▶ [Work instructions]:
Write each line exactly as it stands, from the line containing "each defined once" through the end of the data.

▶ [Information shown]:
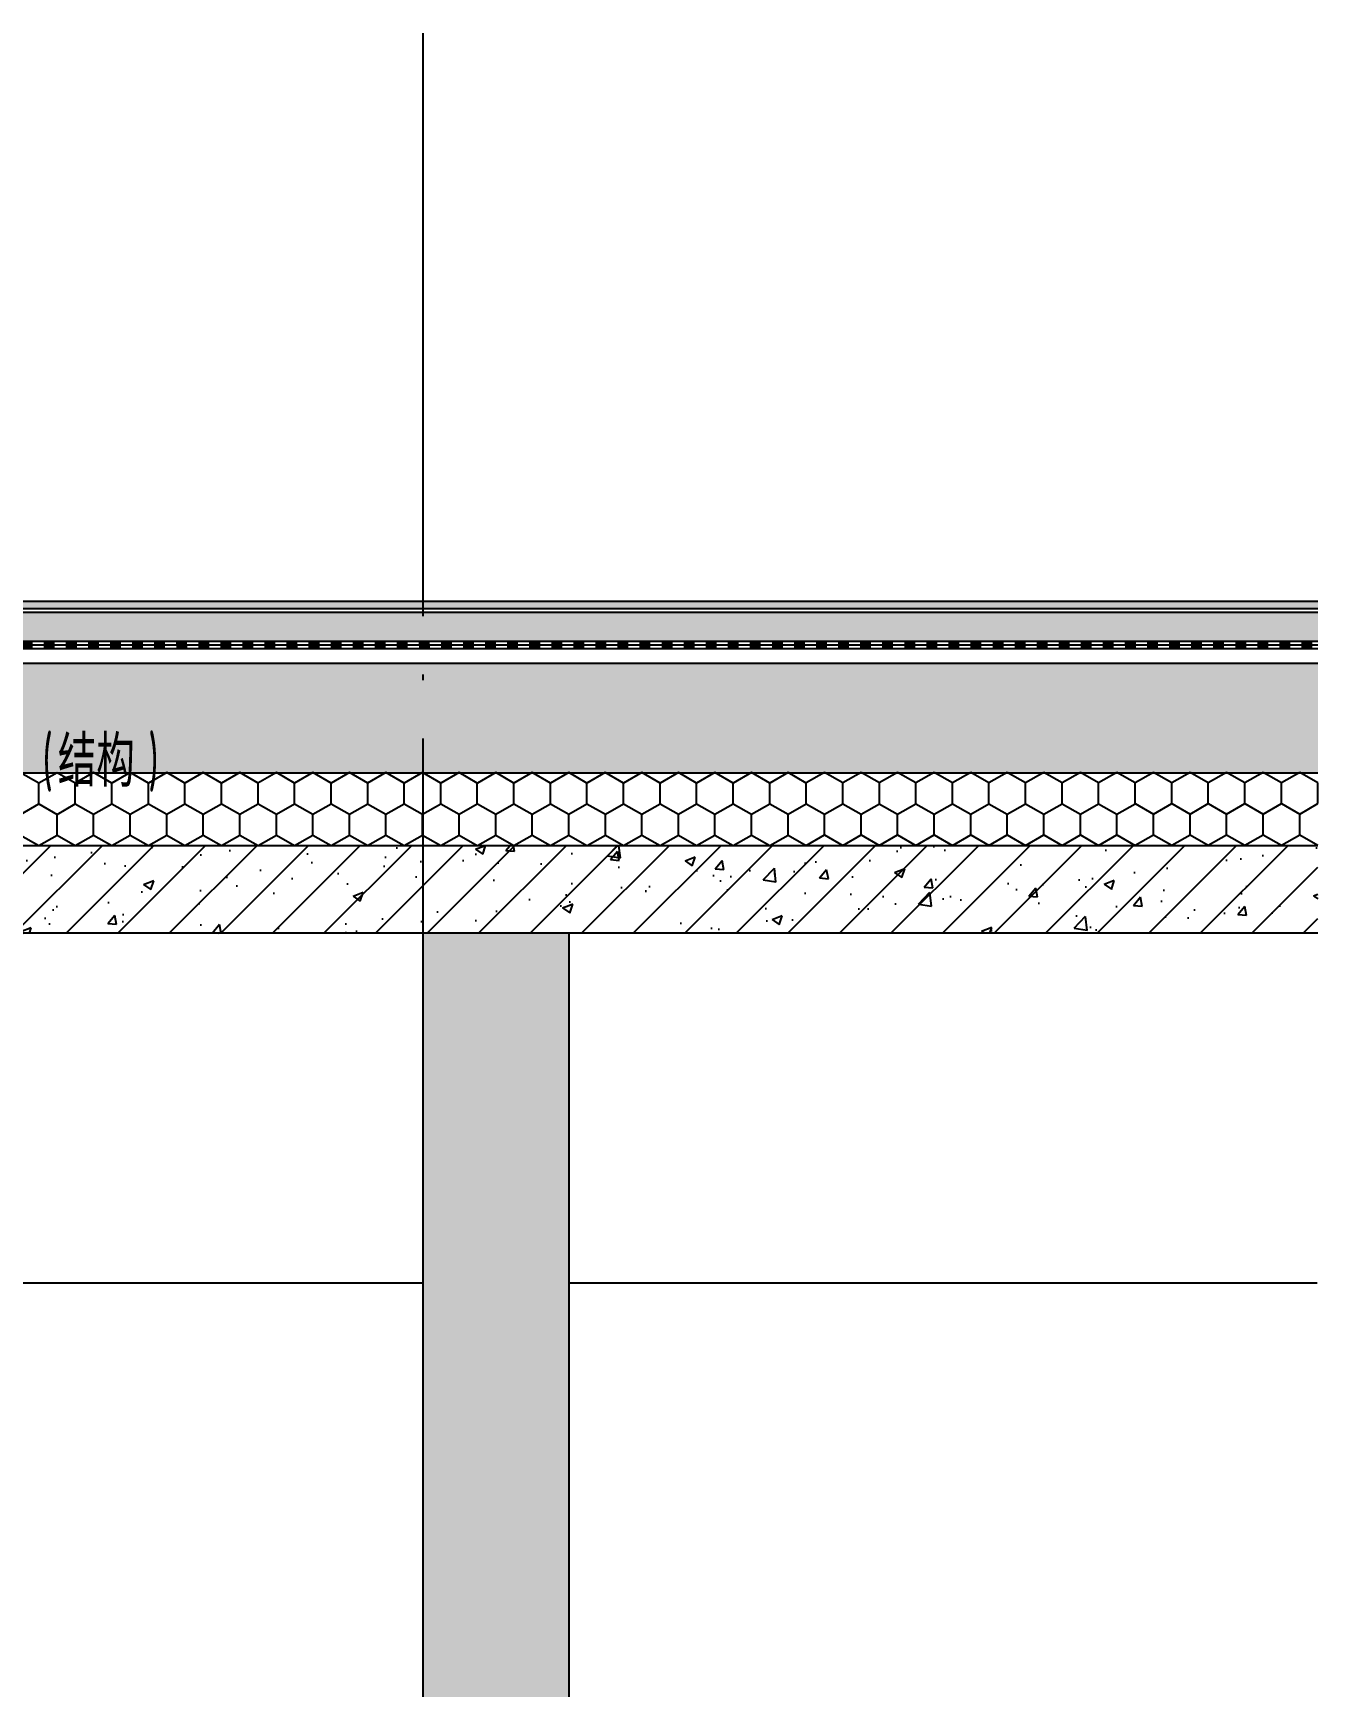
# Model space of a CAD drawing. Extents: x 198753 to 882193, y -399300 to 132460.
# Drawn here: x 443461 to 445224, y 15946 to 18215 of the extents above; entities that cross this region are included whole.
import ezdxf

# ---------------------------------------------------------------- set-up
doc = ezdxf.new("R2010")
doc.units = 0
doc.header["$LTSCALE"] = 1000
doc.header["$MEASUREMENT"] = 0
doc.linetypes.add('109-34 轴网$0$L1$0$$AUDIT_BAD_LTYPE1', pattern=[0])
doc.linetypes.add('DOTE', pattern=[2.42, 2, -0.2, 0.02, -0.2])
for name, color, linetype in [('02-TEXT_标注', 130, 'Continuous'), ('05-填充_天正', 26, 'Continuous'), ('A-O_屋面', 201, 'Continuous'), ('A-O_防水层', 222, 'Continuous'), ('A-SUR_保温', 222, 'Continuous'), ('A-TECH_结构', 21, 'Continuous'), ('A_AXIS-轴线', 36, 'DOTE'), ('A_STR-砌块墙', 121, 'Continuous'), ('A_STR-砼墙', 51, 'Continuous')]:
    doc.layers.add(name, color=color, linetype=linetype)
doc.styles.add('_TCH_DIM', font='ROS1', dxfattribs={"width": 0.8, "bigfont": 'JD'})
pattern_1 = [(45, (0, 0), (-35.355339, 35.355339), []), (50, (0, 0), (143.452037, -12.550427), [15, -165]), (355, (0, 0), (-27.750267, 150.438427), [12, -132]), (100.4514, (11.95, -1.05), (115.701876, 137.88791), [12.74804, -140.228422]), (46.1842, (0, 40), (213.44821, -33.1038), [22.5, -247.5]), (96.6356, (17.79, 37.24), (186.93254, 194.82357), [19.12206, -210.3426]), (351.1842, (0, 40), (186.93239, 194.82372), [18, -198]), (21, (20, 30), (119.38141, -80.523778), [15, -165]), (326, (20, 30), (48.663066, 145.03001), [12, -132]), (71.4514, (29.95, 23.29), (168.044526, 64.5061), [12.74804, -140.228422]), (37.5, (0, 0), (2.431971, 66.578771), [0, -130.4, 0, -134, 0, -132.5]), (7.5, (0, 0), (52.613907, 78.882342), [0, -76.4, 0, -127.4, 0, -50.5]), (327.5, (-44.6, 0), (106.764487, -4.5109743), [0, -50, 0, -156, 0, -207]), (317.5, (-64.6, 0), (116.637234, 20.020996), [0, -65, 0, -103.6, 0, -147])]

# ---------------------------------------------------------------- blocks, each defined once
blk = doc.blocks.new('$LinePat$聚苯板')
at = {"color": 0}
for p, q in [((14.8, -8.6), (0, 0)), ((29.7, 0), (14.8, -8.6)), ((14.8, -8.6), (14.8, -25.7)), ((14.8, -25.7), (0, -34.3)), ((29.7, -34.3), (14.8, -25.7)), ((0, -34.3), (0, -51.4)), ((0, -51.4), (14.8, -60)), ((14.8, -60), (29.7, -51.4))]:
    blk.add_line(p, q, dxfattribs=at)
blk = doc.blocks.new('$LinePat$防水层2')
at = {"color": 0}
blk.add_line((0, 0), (600, 0), dxfattribs=at)
blk.add_solid([(150, 0), (450, 0), (150, -100), (450, -100)], dxfattribs=at)

msp = doc.modelspace()

# ---------------------------------------------------------------- hatches: boundary and pattern name
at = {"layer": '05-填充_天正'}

▶ [Exercise solution]:
# ---------------------------------------------------------------- blocks, each defined once
blk = doc.blocks.new('$LinePat$聚苯板')
at = {"color": 0}
for p, q in [((14.8, -8.6), (0, 0)), ((29.7, 0), (14.8, -8.6)), ((14.8, -8.6), (14.8, -25.7)), ((14.8, -25.7), (0, -34.3)), ((29.7, -34.3), (14.8, -25.7)), ((0, -34.3), (0, -51.4)), ((0, -51.4), (14.8, -60)), ((14.8, -60), (29.7, -51.4))]:
    blk.add_line(p, q, dxfattribs=at)
blk = doc.blocks.new('$LinePat$防水层2')
at = {"color": 0}
blk.add_line((0, 0), (600, 0), dxfattribs=at)
blk.add_solid([(150, 0), (450, 0), (150, -100), (450, -100)], dxfattribs=at)

msp = doc.modelspace()

# ---------------------------------------------------------------- hatches: boundary and pattern name
at = {"layer": '05-填充_天正'}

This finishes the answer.